Task instructions: Please repeat, from the entries that follow, the lines from the one containing "circle A1 centre (0, 0) radius 3.75" through the one containing "-1, 0) x (1, 0, 0)" exactly, adding nothing.

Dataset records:
□ □ □ □ □
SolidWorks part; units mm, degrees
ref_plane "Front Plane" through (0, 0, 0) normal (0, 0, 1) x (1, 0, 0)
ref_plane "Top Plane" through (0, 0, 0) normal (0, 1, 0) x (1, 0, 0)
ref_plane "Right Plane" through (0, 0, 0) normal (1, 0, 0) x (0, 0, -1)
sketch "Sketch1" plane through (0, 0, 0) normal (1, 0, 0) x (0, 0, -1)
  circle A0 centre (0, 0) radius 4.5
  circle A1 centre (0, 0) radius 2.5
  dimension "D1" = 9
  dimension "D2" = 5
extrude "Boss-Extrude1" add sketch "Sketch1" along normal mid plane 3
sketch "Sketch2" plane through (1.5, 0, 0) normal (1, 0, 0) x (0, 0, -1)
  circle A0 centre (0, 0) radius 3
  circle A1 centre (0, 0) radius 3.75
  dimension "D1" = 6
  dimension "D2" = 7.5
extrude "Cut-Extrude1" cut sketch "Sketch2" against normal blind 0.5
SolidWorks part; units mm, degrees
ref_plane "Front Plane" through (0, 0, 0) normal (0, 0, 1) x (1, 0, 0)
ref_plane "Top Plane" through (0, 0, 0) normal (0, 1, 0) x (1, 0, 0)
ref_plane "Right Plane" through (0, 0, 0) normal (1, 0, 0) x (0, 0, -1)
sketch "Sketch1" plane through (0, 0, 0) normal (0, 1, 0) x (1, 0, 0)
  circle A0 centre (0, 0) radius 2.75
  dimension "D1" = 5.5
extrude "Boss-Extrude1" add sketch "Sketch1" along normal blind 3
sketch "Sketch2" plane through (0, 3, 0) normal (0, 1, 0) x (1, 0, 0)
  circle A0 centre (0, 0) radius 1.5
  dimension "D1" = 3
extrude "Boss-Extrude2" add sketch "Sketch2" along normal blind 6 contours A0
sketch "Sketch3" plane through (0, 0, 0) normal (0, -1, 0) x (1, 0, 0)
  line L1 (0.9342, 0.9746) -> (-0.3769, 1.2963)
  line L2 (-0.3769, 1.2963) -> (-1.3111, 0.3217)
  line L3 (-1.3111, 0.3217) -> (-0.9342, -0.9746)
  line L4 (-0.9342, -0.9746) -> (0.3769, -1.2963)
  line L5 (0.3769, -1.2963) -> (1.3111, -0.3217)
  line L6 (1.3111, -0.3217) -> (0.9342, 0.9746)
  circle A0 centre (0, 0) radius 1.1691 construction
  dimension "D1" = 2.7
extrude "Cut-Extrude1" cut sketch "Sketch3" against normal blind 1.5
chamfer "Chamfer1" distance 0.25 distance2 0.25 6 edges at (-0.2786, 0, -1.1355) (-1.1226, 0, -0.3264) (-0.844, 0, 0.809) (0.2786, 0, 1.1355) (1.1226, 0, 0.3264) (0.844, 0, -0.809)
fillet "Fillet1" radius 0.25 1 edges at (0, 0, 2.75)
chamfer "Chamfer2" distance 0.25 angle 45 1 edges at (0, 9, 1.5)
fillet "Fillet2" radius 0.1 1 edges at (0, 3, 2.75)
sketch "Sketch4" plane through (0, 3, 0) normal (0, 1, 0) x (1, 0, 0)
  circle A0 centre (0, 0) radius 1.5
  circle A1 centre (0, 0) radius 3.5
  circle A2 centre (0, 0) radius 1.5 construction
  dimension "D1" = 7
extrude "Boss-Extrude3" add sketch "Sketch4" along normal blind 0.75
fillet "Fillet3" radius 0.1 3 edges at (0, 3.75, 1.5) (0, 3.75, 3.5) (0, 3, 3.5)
□ □ □ □ □
Answer to the exercise:
  circle A1 centre (0, 0) radius 3.75
  dimension "D1" = 6
  dimension "D2" = 7.5
extrude "Cut-Extrude1" cut sketch "Sketch2" against normal blind 0.5
SolidWorks part; units mm, degrees
ref_plane "Front Plane" through (0, 0, 0) normal (0, 0, 1) x (1, 0, 0)
ref_plane "Top Plane" through (0, 0, 0) normal (0, 1, 0) x (1, 0, 0)
ref_plane "Right Plane" through (0, 0, 0) normal (1, 0, 0) x (0, 0, -1)
sketch "Sketch1" plane through (0, 0, 0) normal (0, 1, 0) x (1, 0, 0)
  circle A0 centre (0, 0) radius 2.75
  dimension "D1" = 5.5
extrude "Boss-Extrude1" add sketch "Sketch1" along normal blind 3
sketch "Sketch2" plane through (0, 3, 0) normal (0, 1, 0) x (1, 0, 0)
  circle A0 centre (0, 0) radius 1.5
  dimension "D1" = 3
extrude "Boss-Extrude2" add sketch "Sketch2" along normal blind 6 contours A0
sketch "Sketch3" plane through (0, 0, 0) normal (0, -1, 0) x (1, 0, 0)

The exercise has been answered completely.